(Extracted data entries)

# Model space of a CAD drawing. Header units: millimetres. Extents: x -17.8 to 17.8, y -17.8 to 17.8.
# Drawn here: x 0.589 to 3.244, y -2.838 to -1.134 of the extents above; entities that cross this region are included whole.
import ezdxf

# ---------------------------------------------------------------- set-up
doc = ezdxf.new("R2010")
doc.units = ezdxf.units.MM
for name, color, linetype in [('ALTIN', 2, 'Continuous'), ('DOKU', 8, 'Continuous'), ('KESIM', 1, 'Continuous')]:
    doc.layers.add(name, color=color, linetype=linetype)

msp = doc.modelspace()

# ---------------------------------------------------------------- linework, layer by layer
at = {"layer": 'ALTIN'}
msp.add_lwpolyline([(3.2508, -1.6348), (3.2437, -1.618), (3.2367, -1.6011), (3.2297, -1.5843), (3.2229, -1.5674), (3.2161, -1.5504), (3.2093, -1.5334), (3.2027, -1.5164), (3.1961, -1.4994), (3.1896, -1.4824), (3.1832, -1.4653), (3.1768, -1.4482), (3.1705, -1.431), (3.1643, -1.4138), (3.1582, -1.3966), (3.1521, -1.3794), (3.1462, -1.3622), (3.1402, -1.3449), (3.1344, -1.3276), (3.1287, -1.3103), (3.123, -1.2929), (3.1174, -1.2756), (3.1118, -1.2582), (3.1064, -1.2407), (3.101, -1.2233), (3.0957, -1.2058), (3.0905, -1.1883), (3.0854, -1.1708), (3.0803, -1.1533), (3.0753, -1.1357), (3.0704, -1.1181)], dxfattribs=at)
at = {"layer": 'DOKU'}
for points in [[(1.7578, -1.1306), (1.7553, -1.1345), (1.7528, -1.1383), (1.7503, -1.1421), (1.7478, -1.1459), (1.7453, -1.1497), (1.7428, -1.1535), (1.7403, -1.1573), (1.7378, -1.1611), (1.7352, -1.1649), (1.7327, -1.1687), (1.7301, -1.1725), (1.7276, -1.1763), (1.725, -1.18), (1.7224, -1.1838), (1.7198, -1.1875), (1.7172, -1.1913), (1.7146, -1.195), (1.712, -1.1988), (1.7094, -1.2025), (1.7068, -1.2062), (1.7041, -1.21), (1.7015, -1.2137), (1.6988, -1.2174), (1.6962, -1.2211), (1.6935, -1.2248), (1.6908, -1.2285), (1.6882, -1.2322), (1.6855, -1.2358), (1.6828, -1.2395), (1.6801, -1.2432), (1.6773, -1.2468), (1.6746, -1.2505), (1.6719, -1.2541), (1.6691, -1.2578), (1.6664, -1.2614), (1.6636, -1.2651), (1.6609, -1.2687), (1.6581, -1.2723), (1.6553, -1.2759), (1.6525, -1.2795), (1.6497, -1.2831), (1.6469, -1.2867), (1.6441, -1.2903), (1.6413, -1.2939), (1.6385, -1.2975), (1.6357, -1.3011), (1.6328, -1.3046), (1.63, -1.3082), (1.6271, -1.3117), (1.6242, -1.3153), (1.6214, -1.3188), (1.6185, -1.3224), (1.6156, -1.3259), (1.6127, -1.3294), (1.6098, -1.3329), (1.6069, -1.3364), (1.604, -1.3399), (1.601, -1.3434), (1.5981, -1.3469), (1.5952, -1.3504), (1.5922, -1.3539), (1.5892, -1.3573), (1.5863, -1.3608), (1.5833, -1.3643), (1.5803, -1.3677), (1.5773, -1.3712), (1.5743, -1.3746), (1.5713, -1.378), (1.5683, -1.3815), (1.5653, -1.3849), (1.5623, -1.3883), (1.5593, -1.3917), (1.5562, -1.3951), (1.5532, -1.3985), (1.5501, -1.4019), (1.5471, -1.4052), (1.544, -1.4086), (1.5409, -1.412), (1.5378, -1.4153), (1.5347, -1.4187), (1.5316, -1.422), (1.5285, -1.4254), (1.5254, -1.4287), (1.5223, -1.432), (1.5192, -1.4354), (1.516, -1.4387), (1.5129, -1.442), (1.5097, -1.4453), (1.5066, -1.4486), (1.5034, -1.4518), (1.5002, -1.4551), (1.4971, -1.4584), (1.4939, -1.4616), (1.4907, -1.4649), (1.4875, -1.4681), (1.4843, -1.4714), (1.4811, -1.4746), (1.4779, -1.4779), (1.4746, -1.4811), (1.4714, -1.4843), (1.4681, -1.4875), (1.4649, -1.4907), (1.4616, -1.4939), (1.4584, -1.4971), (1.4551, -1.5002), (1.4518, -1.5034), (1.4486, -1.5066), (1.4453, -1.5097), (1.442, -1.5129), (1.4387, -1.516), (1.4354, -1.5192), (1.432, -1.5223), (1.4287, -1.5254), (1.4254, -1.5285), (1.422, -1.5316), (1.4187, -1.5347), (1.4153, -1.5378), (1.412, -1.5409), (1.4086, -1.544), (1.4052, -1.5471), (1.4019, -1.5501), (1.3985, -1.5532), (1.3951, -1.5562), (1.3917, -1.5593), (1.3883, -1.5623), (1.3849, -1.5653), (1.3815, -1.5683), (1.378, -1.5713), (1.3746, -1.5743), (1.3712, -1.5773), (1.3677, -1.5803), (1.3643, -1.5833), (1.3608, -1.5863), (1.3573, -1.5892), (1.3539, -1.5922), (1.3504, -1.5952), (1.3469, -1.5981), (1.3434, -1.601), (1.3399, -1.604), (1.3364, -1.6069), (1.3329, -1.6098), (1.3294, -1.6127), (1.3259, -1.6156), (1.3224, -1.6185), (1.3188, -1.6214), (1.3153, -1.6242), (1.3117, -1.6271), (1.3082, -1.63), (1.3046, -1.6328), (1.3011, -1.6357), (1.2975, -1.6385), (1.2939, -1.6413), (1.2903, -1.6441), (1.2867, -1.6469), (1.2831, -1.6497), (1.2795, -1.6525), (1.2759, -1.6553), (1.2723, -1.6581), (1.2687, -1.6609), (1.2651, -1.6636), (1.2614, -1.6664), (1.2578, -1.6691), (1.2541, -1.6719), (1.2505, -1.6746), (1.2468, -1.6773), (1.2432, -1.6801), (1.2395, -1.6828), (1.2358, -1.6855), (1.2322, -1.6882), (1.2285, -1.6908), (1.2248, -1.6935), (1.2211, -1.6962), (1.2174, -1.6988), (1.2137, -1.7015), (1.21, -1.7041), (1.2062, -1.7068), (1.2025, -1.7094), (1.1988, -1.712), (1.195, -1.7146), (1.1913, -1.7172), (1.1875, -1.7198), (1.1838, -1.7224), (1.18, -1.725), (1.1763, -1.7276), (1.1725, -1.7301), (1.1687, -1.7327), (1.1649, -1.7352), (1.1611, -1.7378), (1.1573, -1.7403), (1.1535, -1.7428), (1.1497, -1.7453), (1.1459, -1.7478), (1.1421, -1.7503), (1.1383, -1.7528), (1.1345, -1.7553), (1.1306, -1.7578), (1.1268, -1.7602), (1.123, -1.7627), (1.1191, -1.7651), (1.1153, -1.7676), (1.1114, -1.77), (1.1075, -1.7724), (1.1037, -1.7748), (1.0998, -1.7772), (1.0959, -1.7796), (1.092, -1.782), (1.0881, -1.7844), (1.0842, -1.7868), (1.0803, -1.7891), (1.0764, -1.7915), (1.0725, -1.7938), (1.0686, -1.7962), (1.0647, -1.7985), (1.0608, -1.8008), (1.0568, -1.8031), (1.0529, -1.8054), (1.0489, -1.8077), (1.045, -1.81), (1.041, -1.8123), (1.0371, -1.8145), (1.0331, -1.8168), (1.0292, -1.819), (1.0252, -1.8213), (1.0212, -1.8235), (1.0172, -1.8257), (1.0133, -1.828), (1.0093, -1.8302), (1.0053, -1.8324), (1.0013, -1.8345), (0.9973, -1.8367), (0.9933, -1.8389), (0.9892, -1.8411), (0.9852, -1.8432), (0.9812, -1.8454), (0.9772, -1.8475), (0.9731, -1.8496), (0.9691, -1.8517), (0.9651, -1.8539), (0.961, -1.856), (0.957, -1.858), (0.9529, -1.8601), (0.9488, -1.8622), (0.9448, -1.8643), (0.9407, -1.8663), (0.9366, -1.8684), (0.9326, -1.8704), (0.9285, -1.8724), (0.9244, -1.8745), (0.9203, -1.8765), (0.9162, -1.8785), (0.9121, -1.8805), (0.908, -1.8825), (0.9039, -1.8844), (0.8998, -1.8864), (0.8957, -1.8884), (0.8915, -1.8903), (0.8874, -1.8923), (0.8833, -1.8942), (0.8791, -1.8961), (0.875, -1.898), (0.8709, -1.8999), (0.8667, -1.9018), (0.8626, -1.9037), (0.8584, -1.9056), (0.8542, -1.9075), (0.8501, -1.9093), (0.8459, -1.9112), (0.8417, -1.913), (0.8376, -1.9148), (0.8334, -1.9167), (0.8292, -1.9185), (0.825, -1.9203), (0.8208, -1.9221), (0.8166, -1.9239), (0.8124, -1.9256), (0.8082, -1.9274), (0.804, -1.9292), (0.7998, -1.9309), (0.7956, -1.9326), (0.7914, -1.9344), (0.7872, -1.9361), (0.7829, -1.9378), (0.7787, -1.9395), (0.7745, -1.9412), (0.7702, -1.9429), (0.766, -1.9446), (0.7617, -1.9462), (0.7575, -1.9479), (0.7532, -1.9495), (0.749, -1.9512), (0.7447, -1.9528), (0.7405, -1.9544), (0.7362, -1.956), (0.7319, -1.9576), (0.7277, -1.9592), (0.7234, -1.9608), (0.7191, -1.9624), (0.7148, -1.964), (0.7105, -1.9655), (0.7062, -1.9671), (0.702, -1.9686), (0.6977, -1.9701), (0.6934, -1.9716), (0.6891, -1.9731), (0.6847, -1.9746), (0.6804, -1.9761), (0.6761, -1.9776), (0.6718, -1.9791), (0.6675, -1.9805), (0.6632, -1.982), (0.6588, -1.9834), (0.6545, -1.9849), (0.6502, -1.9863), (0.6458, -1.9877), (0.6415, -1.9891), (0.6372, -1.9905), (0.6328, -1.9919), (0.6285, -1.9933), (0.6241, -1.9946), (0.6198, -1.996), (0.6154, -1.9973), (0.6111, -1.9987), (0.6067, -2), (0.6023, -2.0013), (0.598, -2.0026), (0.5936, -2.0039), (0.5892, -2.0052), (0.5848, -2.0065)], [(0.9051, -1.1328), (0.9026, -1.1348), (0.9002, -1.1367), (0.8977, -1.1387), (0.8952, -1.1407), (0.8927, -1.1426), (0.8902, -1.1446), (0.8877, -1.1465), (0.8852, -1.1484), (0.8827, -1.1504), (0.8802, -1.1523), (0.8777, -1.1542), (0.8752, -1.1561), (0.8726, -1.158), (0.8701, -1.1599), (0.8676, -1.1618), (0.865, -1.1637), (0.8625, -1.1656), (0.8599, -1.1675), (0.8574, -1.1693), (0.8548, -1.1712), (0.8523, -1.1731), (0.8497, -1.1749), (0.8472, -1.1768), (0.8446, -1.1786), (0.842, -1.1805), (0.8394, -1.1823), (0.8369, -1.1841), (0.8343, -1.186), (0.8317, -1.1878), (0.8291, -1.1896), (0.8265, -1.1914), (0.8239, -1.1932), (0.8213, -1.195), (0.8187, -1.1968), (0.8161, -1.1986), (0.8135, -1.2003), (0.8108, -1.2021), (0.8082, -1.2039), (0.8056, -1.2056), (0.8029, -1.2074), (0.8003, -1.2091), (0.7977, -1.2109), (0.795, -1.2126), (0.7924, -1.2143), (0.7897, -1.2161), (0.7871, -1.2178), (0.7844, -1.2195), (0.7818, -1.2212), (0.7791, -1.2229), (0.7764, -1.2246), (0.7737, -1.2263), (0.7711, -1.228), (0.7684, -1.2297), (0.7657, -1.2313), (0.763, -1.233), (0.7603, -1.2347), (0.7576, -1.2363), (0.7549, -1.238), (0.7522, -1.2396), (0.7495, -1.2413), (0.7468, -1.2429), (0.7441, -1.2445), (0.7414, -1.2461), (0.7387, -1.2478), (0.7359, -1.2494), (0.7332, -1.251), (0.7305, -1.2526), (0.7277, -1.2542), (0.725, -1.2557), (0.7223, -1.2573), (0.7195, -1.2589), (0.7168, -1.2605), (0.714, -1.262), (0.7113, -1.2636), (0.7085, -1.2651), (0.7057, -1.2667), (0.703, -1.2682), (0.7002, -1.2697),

**Problem to work on**
When you find a line in the records that contains the word "color", copy it.

**Exercise response**
for name, color, linetype in [('ALTIN', 2, 'Continuous'), ('DOKU', 8, 'Continuous'), ('KESIM', 1, 'Continuous')]:
    doc.layers.add(name, color=color, linetype=linetype)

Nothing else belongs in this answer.